Data items
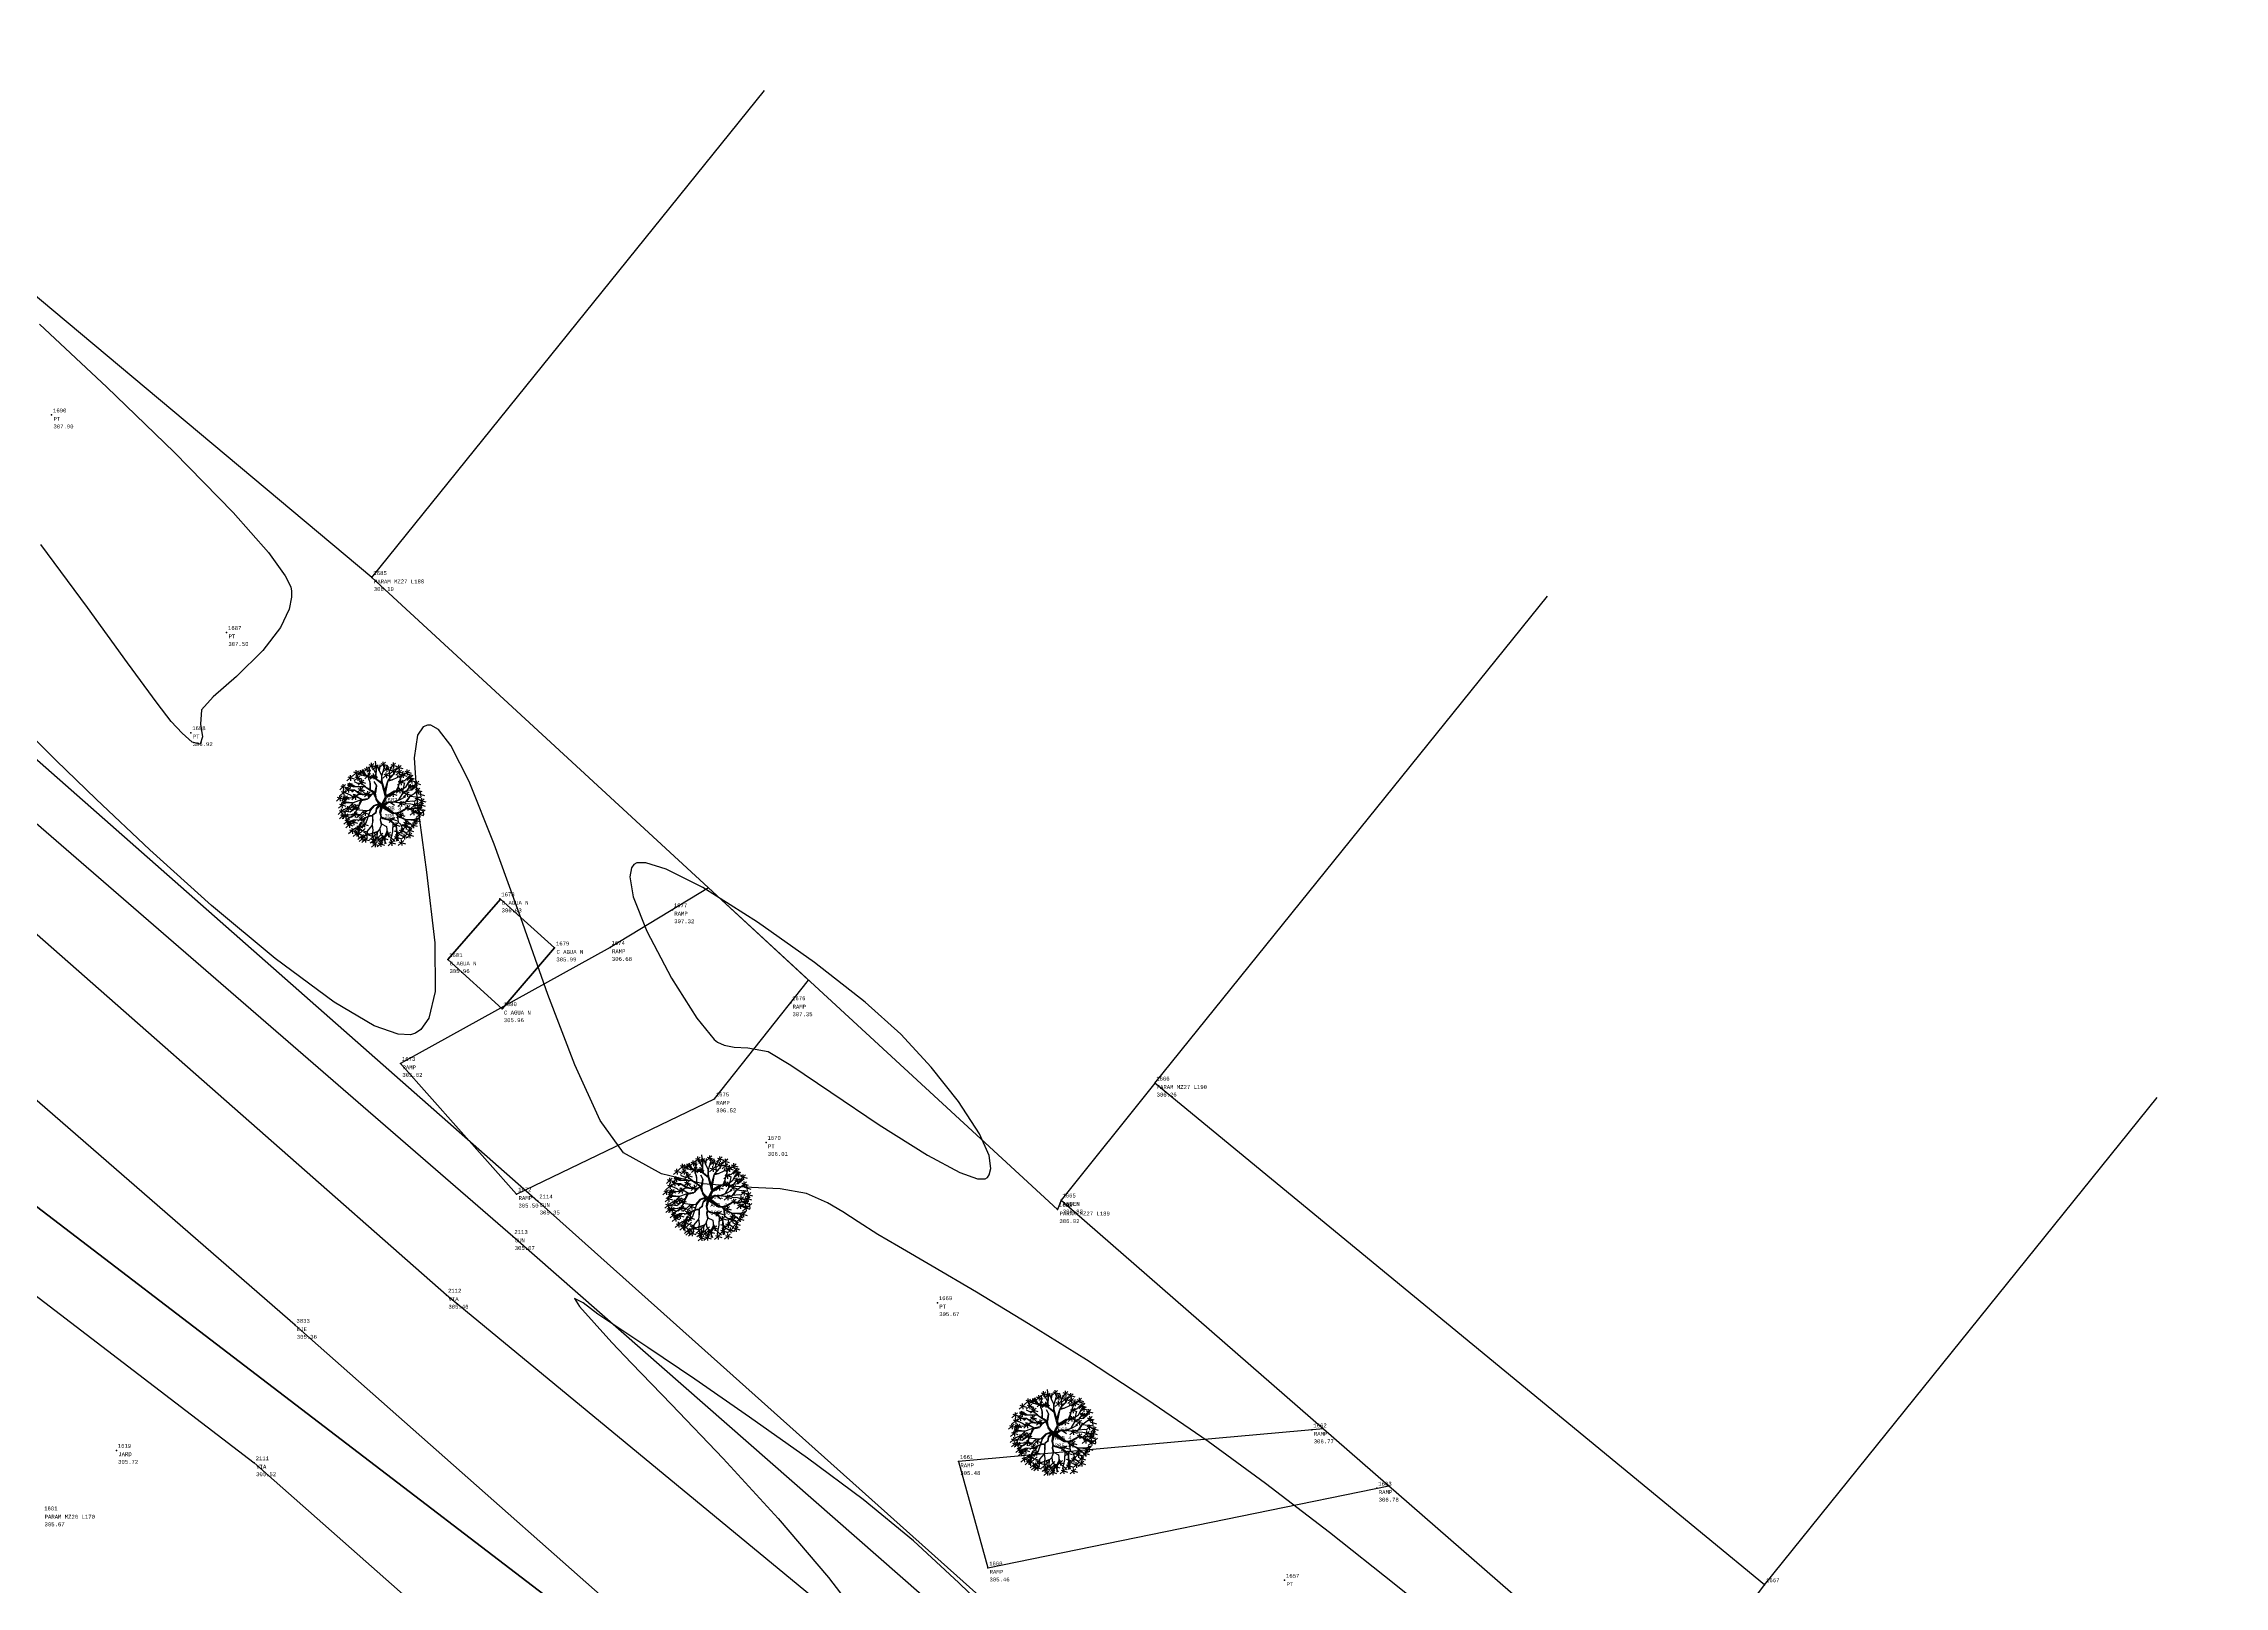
# Model space of a CAD drawing. Header units: metres. Extents: x 5050628 to 5051715, y 2427226 to 2427693.
# Drawn here: x 5051250.7 to 5051278.84, y 2427395.91 to 2427415.81 of the extents above; entities that cross this region are included whole.
import ezdxf
from ezdxf.enums import TextEntityAlignment as Align

# ---------------------------------------------------------------- set-up
doc = ezdxf.new("R2010")
doc.units = ezdxf.units.M
for name, color, linetype in [('1. Eje Vía', 7, 'Continuous'), ('Anden', 252, 'Continuous'), ('ARBOLES', 3, 'Continuous'), ('C-TOPO-MINR-N', 11, 'Continuous'), ('Cuneta N', 150, 'Continuous'), ('CVL_PUNTO', 2, 'Continuous'), ('CVL_PUNTO_COR', 2, 'Continuous'), ('CVL_PUNTO_NUM', 2, 'Continuous'), ('Paramento', 7, 'Continuous'), ('Rampa', 253, 'Continuous'), ('Vía', 40, 'Continuous')]:
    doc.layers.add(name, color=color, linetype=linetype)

■ EXERCISE DIRECTIONS
Without including any pictures, return every line of the records exactly.

■ PROBLEM SOLUTION
# Model space of a CAD drawing. Header units: metres. Extents: x 5050628 to 5051715, y 2427226 to 2427693.
# Drawn here: x 5051250.7 to 5051278.84, y 2427395.91 to 2427415.81 of the extents above; entities that cross this region are included whole.
import ezdxf
from ezdxf.enums import TextEntityAlignment as Align

# ---------------------------------------------------------------- set-up
doc = ezdxf.new("R2010")
doc.units = ezdxf.units.M
for name, color, linetype in [('1. Eje Vía', 7, 'Continuous'), ('Anden', 252, 'Continuous'), ('ARBOLES', 3, 'Continuous'), ('C-TOPO-MINR-N', 11, 'Continuous'), ('Cuneta N', 150, 'Continuous'), ('CVL_PUNTO', 2, 'Continuous'), ('CVL_PUNTO_COR', 2, 'Continuous'), ('CVL_PUNTO_NUM', 2, 'Continuous'), ('Paramento', 7, 'Continuous'), ('Rampa', 253, 'Continuous'), ('Vía', 40, 'Continuous')]:
    doc.layers.add(name, color=color, linetype=linetype)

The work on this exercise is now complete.